_WHAT IS BEING ASKED_
Go over the lines below, and when one contains the word "ezdxf", copy it.

_RECORDS_
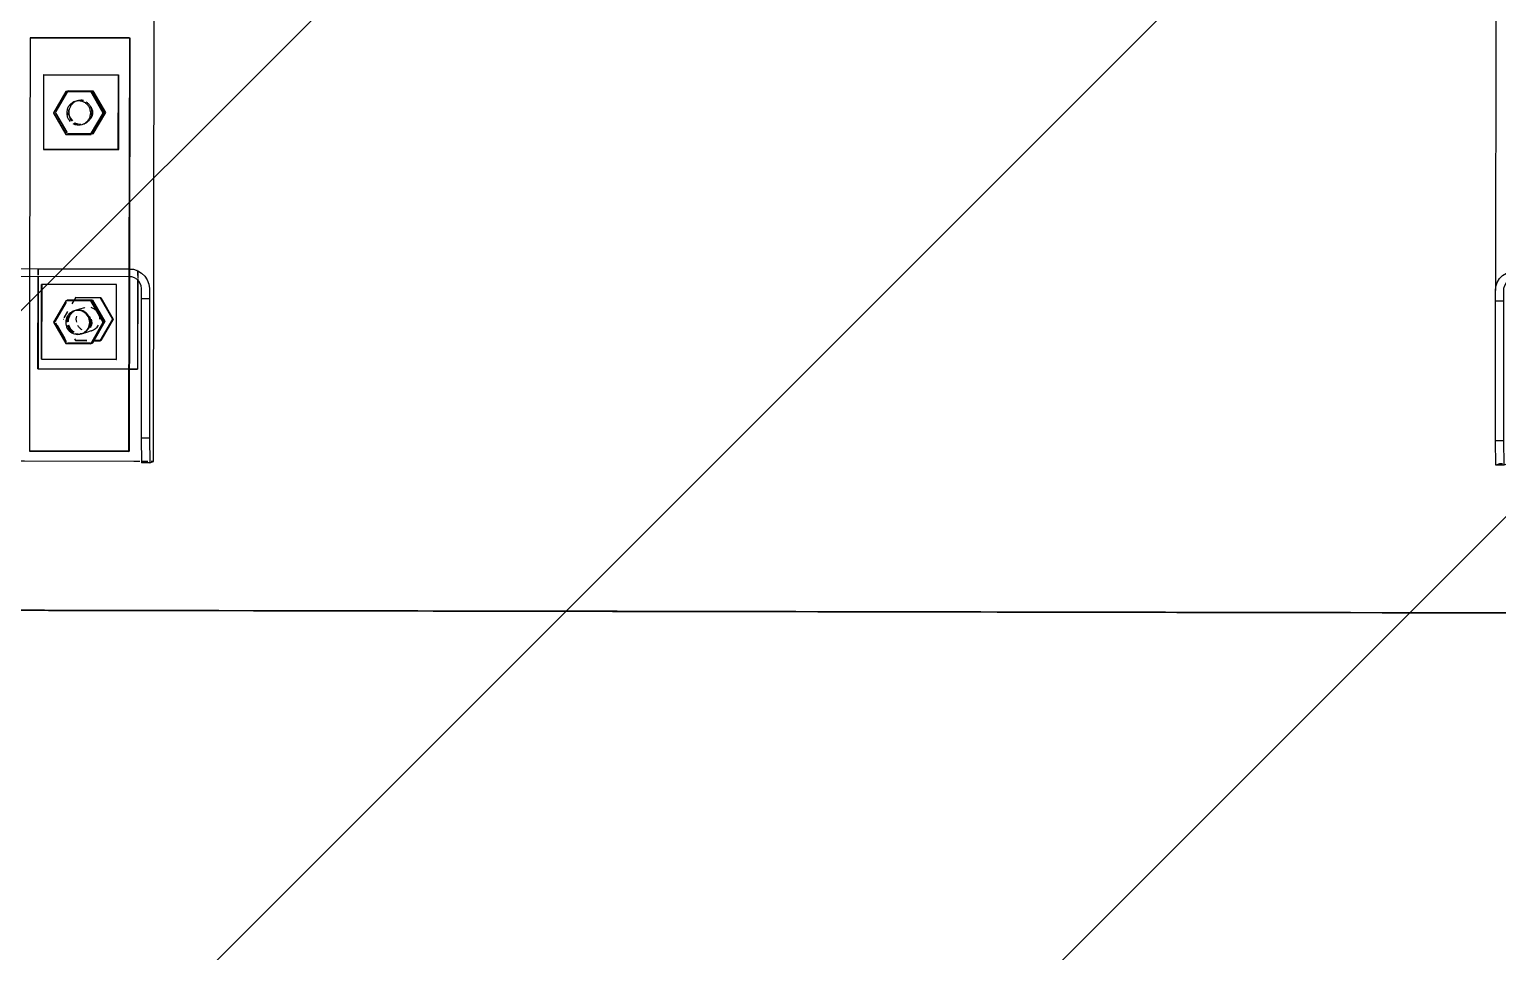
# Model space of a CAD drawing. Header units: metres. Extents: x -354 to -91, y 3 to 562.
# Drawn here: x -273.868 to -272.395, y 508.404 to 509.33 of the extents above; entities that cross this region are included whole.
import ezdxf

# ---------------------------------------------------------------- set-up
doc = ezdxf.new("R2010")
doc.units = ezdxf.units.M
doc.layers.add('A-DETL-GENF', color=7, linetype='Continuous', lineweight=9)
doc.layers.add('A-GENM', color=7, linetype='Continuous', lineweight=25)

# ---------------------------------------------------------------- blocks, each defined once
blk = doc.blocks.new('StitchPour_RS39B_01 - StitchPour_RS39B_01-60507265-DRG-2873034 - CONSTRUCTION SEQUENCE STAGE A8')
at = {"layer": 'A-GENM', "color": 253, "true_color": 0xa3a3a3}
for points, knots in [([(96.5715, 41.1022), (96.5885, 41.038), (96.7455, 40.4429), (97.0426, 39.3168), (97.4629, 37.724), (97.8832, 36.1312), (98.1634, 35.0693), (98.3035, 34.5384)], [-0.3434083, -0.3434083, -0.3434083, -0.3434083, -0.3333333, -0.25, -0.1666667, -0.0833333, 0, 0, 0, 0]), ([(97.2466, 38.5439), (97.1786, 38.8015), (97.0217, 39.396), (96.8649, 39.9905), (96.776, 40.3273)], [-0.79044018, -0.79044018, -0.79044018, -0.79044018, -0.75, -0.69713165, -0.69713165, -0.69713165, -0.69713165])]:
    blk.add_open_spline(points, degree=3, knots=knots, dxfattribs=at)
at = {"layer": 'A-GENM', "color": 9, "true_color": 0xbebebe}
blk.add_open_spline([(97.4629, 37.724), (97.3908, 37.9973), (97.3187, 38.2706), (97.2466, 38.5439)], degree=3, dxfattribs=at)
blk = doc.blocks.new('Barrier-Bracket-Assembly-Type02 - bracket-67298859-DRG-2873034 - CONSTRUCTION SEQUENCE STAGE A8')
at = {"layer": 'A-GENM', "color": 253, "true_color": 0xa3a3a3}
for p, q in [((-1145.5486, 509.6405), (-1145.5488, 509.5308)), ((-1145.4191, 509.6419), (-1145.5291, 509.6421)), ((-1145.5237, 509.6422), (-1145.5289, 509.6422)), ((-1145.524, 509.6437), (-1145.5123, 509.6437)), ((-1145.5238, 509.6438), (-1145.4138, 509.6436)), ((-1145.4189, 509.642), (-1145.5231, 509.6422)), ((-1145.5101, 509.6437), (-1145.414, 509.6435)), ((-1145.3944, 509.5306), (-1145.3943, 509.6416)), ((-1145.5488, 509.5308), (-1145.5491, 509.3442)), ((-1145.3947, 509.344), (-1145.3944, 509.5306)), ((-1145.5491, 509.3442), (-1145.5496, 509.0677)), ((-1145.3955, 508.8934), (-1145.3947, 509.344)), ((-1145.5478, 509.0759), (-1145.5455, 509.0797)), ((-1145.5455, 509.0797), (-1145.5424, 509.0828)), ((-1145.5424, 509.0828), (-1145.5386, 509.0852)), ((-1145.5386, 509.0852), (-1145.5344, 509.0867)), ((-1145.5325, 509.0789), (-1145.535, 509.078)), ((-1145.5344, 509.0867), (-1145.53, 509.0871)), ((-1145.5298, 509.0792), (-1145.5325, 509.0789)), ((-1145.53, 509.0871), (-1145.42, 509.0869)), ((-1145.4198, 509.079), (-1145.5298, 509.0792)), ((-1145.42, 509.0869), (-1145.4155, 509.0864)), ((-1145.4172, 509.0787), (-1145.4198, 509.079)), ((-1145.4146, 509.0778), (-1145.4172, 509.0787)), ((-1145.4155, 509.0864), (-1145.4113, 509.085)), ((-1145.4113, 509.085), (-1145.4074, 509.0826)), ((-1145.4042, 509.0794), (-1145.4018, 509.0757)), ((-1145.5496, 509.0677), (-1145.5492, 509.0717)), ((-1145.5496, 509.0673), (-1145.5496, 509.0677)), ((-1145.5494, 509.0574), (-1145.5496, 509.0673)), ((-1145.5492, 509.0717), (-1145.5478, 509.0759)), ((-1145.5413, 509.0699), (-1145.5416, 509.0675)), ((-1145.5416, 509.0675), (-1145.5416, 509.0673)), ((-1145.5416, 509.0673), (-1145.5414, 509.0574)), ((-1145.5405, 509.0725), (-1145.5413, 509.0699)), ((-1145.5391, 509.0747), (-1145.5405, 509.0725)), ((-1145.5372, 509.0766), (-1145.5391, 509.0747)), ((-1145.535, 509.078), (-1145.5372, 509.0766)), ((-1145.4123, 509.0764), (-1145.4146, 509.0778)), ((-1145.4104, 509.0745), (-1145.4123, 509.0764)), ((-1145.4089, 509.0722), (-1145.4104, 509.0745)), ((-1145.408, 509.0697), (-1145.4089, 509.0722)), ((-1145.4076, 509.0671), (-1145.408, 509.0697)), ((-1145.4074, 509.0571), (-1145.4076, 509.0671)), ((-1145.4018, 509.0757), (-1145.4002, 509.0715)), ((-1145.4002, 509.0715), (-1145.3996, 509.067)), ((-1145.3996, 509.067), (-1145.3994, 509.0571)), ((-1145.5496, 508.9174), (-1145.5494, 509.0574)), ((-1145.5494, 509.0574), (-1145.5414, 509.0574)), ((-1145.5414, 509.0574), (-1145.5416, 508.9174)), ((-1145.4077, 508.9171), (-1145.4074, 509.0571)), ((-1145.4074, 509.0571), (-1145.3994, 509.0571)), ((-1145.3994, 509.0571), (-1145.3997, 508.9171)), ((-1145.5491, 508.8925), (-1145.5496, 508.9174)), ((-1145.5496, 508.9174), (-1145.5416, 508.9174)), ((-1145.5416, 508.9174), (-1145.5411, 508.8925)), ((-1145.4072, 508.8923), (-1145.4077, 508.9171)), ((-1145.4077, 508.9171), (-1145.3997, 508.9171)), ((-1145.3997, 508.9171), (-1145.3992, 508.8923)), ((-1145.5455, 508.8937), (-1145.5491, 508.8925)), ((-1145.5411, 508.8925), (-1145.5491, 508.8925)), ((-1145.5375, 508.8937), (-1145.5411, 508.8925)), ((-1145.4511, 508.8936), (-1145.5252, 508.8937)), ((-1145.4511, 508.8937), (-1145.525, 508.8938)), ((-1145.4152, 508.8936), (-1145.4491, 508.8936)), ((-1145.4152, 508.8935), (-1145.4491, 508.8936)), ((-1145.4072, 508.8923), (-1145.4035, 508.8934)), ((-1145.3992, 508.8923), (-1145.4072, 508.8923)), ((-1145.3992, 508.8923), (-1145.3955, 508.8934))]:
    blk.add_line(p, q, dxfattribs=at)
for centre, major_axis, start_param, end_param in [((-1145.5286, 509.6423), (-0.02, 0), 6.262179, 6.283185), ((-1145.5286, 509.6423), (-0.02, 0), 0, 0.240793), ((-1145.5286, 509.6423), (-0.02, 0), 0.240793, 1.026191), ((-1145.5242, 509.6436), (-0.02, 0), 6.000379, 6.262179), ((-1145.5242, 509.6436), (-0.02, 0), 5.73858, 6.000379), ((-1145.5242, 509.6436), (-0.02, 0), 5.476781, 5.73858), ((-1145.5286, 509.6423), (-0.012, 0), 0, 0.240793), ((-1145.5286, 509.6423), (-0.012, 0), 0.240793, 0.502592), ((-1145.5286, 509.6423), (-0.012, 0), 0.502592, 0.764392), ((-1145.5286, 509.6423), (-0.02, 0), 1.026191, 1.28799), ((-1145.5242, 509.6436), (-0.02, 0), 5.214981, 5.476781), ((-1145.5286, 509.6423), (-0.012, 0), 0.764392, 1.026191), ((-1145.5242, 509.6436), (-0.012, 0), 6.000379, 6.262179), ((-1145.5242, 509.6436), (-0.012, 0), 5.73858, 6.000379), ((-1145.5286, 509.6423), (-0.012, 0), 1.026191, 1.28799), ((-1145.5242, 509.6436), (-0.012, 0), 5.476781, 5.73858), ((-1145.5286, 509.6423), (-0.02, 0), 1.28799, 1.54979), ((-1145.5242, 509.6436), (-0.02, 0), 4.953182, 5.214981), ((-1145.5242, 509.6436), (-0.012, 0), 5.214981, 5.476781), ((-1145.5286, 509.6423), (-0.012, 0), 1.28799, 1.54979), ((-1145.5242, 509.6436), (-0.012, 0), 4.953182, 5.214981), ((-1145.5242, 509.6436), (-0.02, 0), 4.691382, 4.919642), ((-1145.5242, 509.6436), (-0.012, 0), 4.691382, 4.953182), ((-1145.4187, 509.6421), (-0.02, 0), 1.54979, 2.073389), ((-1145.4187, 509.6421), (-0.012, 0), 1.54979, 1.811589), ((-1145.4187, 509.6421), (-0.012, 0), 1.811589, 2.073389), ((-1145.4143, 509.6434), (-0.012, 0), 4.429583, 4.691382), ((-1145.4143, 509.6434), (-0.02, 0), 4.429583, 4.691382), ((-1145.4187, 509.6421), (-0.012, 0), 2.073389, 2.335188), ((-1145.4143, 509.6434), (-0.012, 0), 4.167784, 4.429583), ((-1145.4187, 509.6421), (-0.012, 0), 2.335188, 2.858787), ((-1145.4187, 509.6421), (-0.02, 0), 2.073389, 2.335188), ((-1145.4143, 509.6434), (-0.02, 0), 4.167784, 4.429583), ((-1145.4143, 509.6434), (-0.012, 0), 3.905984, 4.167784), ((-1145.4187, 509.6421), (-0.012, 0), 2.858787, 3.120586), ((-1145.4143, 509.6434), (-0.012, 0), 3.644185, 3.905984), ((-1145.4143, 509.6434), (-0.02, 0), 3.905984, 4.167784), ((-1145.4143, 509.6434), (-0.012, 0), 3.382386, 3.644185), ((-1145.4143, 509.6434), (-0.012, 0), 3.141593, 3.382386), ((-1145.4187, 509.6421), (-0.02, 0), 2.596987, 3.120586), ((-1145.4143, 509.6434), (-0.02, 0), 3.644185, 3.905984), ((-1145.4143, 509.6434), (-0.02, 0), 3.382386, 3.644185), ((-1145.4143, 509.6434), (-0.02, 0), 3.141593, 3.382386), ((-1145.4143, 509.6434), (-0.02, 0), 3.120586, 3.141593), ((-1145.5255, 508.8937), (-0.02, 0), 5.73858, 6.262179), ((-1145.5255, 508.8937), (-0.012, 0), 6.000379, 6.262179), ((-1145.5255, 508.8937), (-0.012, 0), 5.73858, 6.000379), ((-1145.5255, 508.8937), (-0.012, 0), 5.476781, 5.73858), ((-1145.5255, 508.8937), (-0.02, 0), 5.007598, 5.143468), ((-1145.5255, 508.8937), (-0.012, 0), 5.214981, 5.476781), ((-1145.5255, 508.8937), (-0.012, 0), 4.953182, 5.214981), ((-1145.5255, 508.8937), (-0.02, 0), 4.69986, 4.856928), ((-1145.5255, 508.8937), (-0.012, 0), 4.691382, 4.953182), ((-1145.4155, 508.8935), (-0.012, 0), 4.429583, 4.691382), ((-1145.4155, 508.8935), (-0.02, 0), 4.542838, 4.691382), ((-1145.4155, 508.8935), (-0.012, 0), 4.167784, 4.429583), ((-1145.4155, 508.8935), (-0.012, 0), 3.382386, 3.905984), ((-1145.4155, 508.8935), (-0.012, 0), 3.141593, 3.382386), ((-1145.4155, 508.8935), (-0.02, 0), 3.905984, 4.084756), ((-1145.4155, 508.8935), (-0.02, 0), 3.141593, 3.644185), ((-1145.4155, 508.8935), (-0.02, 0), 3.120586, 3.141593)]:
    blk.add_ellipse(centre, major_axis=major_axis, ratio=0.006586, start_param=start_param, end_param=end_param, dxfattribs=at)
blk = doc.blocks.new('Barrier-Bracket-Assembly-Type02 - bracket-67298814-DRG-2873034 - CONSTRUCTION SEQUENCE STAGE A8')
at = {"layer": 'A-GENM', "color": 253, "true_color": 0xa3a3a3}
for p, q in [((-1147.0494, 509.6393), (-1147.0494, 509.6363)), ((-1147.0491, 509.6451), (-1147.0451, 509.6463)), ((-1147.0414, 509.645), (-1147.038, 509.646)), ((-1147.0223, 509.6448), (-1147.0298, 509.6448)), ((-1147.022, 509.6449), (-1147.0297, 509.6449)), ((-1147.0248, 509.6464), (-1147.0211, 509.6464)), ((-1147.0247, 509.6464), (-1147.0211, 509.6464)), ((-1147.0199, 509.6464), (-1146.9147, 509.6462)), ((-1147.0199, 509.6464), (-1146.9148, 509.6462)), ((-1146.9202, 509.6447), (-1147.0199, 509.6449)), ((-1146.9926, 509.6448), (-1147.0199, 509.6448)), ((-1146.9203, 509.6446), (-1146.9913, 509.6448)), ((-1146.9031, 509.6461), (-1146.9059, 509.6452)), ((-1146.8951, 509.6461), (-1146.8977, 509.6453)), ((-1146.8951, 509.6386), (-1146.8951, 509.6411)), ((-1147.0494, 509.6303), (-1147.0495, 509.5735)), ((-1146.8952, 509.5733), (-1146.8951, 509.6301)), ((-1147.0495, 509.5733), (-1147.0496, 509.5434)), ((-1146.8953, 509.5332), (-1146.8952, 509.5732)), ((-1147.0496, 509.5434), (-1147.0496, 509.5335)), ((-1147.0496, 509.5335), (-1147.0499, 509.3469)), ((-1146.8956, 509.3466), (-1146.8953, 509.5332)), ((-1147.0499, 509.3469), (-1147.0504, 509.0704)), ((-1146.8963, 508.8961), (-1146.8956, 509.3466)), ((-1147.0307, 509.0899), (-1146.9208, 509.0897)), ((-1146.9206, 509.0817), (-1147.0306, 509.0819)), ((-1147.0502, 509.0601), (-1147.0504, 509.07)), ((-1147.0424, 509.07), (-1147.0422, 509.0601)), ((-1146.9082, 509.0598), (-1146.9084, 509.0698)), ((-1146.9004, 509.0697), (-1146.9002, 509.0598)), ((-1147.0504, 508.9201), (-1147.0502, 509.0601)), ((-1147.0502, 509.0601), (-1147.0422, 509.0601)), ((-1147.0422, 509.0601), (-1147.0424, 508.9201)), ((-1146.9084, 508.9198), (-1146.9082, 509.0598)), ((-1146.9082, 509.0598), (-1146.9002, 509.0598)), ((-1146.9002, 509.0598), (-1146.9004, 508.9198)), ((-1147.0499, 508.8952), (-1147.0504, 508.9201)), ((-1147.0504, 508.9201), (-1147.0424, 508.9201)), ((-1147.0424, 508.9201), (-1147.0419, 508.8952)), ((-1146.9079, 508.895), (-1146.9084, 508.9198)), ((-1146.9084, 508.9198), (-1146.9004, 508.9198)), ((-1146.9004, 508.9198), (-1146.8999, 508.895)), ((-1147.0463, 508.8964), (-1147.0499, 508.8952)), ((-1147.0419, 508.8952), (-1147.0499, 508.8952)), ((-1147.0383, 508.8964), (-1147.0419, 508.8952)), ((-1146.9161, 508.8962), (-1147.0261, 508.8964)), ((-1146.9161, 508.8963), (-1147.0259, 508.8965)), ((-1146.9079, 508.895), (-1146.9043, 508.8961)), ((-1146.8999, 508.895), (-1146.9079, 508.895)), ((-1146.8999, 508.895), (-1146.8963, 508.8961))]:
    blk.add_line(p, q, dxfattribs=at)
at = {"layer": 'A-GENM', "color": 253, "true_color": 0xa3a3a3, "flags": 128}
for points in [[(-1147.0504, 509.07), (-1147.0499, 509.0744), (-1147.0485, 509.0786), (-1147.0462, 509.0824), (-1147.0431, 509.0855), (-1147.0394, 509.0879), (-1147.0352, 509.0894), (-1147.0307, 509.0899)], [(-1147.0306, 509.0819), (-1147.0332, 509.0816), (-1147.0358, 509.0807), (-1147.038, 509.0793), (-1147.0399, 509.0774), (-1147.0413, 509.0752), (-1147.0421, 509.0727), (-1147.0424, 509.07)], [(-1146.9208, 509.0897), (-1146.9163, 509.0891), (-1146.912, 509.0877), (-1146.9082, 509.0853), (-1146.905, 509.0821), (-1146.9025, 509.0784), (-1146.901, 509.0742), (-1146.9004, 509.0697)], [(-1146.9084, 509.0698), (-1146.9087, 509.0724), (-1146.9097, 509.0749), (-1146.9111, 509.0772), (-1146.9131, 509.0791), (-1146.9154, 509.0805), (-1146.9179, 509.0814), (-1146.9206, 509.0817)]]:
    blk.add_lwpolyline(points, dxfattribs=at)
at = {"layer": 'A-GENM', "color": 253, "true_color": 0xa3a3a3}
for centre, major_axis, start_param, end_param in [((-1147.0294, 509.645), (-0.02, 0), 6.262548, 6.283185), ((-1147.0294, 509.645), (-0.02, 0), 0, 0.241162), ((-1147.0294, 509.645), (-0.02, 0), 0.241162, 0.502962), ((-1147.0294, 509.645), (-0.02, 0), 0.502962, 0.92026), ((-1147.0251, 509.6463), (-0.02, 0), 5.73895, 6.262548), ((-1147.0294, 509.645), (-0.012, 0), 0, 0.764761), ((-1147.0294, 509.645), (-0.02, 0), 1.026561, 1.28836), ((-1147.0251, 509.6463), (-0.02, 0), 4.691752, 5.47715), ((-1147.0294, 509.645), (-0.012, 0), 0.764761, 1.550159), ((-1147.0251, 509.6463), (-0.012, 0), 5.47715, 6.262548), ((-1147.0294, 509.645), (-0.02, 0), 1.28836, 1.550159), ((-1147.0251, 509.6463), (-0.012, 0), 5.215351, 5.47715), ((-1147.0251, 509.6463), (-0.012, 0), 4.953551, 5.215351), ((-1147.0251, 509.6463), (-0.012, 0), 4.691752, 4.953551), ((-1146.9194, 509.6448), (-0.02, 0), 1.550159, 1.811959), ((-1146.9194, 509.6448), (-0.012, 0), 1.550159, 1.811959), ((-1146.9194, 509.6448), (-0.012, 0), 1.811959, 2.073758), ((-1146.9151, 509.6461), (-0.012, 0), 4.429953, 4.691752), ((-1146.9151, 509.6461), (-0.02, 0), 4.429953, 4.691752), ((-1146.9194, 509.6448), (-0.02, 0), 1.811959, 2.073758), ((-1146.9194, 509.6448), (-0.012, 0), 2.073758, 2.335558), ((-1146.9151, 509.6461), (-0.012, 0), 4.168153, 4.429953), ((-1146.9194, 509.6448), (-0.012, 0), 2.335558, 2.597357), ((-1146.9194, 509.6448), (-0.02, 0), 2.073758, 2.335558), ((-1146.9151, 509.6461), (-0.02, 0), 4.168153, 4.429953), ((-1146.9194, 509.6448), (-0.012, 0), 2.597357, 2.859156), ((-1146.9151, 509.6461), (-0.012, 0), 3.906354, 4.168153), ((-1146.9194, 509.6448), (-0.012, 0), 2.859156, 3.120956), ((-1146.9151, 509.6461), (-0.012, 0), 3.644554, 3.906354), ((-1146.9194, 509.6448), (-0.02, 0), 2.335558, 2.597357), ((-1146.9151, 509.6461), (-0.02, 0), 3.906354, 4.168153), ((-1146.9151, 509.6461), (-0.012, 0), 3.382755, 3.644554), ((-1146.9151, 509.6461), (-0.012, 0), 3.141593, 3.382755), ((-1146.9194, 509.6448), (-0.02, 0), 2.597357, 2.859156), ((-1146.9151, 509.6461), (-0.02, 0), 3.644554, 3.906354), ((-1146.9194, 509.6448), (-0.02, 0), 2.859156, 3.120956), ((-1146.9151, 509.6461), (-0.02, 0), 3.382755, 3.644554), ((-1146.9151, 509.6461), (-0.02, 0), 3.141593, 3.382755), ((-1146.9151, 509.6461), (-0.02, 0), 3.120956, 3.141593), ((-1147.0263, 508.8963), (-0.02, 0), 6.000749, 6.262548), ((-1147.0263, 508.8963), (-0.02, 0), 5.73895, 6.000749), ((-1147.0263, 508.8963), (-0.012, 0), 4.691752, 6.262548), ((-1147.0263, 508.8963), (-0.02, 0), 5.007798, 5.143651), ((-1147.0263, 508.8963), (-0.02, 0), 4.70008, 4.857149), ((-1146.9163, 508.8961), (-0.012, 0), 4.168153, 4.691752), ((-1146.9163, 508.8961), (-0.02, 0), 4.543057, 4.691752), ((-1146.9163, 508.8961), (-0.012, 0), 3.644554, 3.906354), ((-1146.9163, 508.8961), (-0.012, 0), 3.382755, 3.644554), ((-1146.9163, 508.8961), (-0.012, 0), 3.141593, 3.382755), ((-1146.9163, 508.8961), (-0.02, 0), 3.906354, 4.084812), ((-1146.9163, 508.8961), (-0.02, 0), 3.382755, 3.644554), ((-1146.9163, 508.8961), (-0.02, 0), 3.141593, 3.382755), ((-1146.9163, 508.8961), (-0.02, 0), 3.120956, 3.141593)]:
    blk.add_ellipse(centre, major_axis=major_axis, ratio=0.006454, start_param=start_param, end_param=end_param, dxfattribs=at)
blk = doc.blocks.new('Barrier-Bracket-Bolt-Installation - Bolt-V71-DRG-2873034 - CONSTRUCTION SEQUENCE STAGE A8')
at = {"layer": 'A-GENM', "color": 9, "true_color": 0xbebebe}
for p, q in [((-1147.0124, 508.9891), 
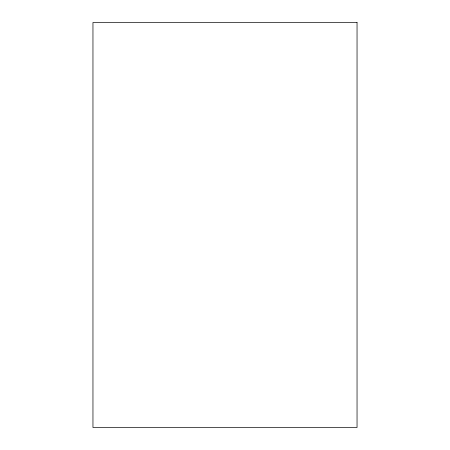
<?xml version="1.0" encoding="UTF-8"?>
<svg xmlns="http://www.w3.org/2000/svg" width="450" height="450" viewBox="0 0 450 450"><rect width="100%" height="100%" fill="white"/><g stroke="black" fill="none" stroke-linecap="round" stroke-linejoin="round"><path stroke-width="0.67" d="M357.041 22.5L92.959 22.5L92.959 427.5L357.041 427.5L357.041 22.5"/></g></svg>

_OUTPUT FOR THIS TASK_
import ezdxf
doc = ezdxf.new("R2010")
doc.units = ezdxf.units.M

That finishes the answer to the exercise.